Toward a dynamic multi-scale/level approach for Gene Regulatory Network inference
Arnaud Bonnaffoux  1, 2@  
1 : Laboratoire de Biologie Moléculaire de la Cellule  (LBMC)  -  Website
CNRS : UMR5239, Institut national de la recherche agronomique (INRA) : UR5239, Université Claude Bernard - Lyon I (UCBL), École Normale Supérieure (ENS) - Lyon
ENS de Lyon 46 allée d'Italie 69364 LYON Cedex 07 -  France
2 : The CoSMo Company  (CoSMo)  -  Website
The CoSMo Company
5 passage du Vercors, 69007 Lyon -  France

Arnaud Bonnaffoux-Toward a dynamic multi-scale/level approach for Gene Regulatory Network inference

A.Bonnaffoux*#, U.Herbach*, A.Richard*, E.Vallin*, PA.Gros#, C.La Rota#, S.Prokopiou#, O.Gandrillon*

* Laboratoire de Biologie et Modélisation de la Cellule, UMR5239 CNRS/ENS Lyon/UCBL/HCL Lyon 69007

# The Cosmo Company, Lyon 69007

 

Gene regulatory networks (GRN) play an important role in many biological processes, such as differentiation, and their identification has raised great expectations for understanding cell behavior.
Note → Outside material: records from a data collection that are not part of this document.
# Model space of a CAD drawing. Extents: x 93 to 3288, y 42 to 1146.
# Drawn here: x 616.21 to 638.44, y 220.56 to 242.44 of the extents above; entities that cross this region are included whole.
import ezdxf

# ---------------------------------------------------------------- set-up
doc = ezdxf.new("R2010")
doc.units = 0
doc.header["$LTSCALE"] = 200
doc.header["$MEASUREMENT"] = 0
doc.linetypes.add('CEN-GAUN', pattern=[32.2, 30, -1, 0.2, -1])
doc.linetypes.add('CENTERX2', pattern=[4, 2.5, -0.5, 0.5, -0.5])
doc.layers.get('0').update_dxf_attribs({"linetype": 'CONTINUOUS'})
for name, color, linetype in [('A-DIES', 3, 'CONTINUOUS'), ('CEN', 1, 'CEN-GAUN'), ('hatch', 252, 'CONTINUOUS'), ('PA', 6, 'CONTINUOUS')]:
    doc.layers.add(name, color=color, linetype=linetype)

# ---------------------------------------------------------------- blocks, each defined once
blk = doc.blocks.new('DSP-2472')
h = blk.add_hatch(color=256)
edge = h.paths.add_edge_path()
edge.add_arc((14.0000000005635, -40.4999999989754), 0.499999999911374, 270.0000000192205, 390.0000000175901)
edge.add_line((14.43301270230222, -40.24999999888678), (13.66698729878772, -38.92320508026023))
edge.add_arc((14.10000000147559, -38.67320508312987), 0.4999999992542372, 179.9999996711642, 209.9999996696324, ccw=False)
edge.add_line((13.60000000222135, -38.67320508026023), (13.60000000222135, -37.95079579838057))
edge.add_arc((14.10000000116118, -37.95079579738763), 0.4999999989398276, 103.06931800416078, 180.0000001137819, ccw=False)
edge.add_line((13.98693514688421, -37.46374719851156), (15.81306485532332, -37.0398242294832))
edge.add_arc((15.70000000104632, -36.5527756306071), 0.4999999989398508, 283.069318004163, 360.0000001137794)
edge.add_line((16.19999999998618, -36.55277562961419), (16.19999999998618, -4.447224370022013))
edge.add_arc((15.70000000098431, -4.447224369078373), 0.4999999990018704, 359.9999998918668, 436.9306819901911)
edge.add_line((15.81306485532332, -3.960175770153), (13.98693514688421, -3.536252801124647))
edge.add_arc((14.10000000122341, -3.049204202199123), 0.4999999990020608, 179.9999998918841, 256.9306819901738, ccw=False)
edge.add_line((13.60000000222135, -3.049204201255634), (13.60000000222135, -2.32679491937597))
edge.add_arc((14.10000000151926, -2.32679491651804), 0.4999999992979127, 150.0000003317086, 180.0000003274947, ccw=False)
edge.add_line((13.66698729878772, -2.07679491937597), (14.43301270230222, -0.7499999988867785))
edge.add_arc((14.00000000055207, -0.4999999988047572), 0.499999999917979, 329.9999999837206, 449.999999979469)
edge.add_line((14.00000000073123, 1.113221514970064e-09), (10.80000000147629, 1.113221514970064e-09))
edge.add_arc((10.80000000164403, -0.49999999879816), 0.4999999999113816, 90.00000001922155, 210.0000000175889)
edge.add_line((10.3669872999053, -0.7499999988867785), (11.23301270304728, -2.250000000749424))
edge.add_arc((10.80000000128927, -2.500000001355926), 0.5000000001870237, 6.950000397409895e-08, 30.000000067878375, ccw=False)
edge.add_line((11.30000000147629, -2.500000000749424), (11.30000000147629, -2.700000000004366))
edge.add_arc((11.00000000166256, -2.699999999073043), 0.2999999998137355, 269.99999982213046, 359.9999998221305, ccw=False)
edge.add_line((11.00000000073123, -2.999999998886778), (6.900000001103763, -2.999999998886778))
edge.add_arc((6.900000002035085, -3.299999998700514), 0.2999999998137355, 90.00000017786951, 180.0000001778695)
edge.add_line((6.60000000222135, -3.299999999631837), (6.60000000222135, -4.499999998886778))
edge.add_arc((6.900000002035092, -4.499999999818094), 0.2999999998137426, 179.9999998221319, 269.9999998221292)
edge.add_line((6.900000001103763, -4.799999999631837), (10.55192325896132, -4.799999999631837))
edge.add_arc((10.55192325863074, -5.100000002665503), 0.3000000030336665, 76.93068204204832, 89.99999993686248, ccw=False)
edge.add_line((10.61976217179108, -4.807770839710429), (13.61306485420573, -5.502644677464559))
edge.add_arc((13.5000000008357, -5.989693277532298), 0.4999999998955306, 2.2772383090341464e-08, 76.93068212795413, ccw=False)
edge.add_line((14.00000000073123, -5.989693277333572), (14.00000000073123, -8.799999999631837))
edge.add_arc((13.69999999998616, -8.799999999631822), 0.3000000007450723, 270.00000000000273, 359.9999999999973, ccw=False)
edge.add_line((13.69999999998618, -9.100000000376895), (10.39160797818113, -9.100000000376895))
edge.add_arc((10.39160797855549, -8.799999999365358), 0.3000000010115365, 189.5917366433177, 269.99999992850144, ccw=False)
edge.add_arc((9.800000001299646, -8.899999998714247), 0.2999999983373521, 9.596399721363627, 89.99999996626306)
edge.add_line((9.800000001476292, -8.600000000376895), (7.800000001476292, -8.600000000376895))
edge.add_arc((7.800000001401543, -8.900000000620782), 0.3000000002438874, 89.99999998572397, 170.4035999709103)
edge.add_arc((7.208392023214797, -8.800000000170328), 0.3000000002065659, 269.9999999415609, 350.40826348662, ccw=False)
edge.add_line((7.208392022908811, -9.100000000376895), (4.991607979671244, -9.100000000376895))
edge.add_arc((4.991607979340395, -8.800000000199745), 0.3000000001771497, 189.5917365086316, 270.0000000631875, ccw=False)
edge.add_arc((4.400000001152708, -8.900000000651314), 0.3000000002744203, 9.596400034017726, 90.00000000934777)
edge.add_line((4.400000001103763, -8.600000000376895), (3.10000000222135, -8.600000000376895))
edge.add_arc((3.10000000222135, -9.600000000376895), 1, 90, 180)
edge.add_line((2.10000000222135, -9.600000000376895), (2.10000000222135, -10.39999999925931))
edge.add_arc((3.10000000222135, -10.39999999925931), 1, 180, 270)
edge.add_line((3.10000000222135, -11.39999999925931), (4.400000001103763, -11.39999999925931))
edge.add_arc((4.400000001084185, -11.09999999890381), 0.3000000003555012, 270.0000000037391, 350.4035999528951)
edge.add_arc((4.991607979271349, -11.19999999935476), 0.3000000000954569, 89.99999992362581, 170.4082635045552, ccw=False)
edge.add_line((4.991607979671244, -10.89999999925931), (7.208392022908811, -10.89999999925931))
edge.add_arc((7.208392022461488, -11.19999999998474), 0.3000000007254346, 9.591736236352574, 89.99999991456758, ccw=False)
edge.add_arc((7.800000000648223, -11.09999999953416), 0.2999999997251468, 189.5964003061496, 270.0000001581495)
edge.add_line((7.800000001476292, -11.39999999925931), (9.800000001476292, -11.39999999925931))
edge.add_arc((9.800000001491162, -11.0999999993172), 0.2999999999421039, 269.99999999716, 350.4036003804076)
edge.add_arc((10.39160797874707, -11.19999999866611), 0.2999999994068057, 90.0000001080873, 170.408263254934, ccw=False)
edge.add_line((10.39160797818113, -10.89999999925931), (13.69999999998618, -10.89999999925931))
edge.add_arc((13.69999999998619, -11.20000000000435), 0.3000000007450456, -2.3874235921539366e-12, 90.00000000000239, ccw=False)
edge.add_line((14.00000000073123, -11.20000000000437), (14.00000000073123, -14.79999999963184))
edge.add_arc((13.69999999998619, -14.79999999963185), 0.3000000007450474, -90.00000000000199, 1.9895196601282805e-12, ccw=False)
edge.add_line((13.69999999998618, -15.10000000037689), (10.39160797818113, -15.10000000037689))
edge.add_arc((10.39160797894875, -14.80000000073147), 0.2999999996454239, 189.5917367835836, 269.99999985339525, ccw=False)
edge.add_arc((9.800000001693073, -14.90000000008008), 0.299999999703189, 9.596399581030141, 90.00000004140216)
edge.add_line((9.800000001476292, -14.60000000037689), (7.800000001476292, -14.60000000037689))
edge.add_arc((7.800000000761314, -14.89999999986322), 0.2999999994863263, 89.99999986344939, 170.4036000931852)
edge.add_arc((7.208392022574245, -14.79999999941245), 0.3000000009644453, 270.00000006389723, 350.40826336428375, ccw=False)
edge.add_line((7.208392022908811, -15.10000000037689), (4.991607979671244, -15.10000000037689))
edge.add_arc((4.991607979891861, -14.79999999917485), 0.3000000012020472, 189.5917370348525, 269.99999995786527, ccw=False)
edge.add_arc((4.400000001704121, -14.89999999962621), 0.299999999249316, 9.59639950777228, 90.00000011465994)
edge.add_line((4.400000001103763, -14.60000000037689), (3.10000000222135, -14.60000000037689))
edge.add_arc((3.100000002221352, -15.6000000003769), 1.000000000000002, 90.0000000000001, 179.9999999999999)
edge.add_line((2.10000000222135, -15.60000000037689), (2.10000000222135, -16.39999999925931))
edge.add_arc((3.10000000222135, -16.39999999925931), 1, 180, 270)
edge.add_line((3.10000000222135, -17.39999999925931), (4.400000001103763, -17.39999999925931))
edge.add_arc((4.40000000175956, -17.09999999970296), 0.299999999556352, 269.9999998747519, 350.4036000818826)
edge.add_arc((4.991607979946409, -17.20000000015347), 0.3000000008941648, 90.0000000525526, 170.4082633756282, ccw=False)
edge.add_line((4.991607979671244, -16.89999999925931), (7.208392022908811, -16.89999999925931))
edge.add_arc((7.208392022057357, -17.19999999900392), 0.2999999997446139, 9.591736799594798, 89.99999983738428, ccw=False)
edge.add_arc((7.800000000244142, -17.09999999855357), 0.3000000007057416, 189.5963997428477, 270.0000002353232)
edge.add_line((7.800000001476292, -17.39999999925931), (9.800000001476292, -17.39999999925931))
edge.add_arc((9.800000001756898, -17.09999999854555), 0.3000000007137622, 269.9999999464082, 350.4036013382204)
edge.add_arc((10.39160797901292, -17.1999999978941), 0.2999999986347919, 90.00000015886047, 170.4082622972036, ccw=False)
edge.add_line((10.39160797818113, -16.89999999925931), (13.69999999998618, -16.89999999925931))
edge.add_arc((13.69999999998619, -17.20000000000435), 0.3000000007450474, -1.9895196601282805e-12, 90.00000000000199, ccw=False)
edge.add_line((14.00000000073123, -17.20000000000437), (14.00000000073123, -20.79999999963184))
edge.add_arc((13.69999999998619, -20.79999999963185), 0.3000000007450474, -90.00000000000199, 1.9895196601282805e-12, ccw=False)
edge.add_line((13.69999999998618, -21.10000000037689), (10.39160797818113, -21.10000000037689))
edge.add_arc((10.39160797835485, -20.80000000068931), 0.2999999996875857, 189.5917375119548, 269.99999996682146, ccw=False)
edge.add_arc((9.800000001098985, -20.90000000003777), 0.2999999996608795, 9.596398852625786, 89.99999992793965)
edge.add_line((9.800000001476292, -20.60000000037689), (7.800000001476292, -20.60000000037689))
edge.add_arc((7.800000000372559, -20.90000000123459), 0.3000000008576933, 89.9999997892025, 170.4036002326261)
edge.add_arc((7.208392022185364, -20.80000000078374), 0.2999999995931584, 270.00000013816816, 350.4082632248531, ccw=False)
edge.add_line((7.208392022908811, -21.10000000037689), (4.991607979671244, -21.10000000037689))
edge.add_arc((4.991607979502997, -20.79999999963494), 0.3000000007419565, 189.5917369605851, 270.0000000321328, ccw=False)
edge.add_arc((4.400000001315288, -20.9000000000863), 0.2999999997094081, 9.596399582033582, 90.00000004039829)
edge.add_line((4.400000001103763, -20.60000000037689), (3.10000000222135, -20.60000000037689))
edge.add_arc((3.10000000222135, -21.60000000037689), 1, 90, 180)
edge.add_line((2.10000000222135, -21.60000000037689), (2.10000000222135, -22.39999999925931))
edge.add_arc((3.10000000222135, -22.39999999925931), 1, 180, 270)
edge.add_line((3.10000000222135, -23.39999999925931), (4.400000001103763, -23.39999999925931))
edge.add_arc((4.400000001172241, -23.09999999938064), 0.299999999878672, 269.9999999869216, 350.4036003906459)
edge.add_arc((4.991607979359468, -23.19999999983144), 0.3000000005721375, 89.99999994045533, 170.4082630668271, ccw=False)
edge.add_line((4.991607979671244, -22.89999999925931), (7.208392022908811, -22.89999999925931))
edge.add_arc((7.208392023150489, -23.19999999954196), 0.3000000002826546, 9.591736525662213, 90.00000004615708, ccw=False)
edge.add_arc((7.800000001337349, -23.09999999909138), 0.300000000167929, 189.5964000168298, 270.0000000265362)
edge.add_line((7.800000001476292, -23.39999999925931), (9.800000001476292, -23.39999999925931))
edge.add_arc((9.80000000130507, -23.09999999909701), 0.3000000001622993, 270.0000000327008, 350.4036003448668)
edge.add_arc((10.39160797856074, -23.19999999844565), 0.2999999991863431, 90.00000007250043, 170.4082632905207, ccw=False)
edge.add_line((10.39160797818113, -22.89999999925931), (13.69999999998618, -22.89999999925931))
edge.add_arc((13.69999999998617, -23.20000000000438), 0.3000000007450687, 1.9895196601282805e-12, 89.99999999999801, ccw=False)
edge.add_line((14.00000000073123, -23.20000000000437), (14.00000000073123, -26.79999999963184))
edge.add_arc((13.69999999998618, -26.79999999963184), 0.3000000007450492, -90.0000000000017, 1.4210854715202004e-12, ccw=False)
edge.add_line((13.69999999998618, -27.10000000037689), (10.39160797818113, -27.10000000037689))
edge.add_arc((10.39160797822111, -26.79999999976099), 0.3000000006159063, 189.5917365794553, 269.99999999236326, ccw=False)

Many computational GRN inference approaches have been described, which are based on expression data but they face common issues such as data scarcity, high dimensionality or population blurring (Chai et al., 2014). We believe that recent high-throughput single cell expression data (see e.g. Pina et al., 2012 ; Shalek et al., 2014) acquired in time-series will allow to overcome these issues and give access to causality, instead of « simple » correlation, for gene interactions. Causality is very important for mechanistic model inference and biological relevance because it enables the emergence of cellular decision-making. Emergent properties of a mechanistic model of a GRN should then match with multi-scale (molecular/cellular) and multi-level (single cell/population) observations.

We will expose a GRN inference framework based on these assumptions. It follows three steps:

  • Node parametric inference. We have inferred the parameters from a stochastic mechanistic model of gene expression, the Random Telegraph model (Kim and Marioni, 2013), thank's to time-series single cell expression data from a population of chicken erythrocyte progenitor during their differentiation process (Gandrillon et al., 1999)

  • Model reduction. This is mostly an ongoing work, and will make use of specific constraints applying to the network.

  • The final step will consist in network inference constrained by dynamic multi-scale/level observations.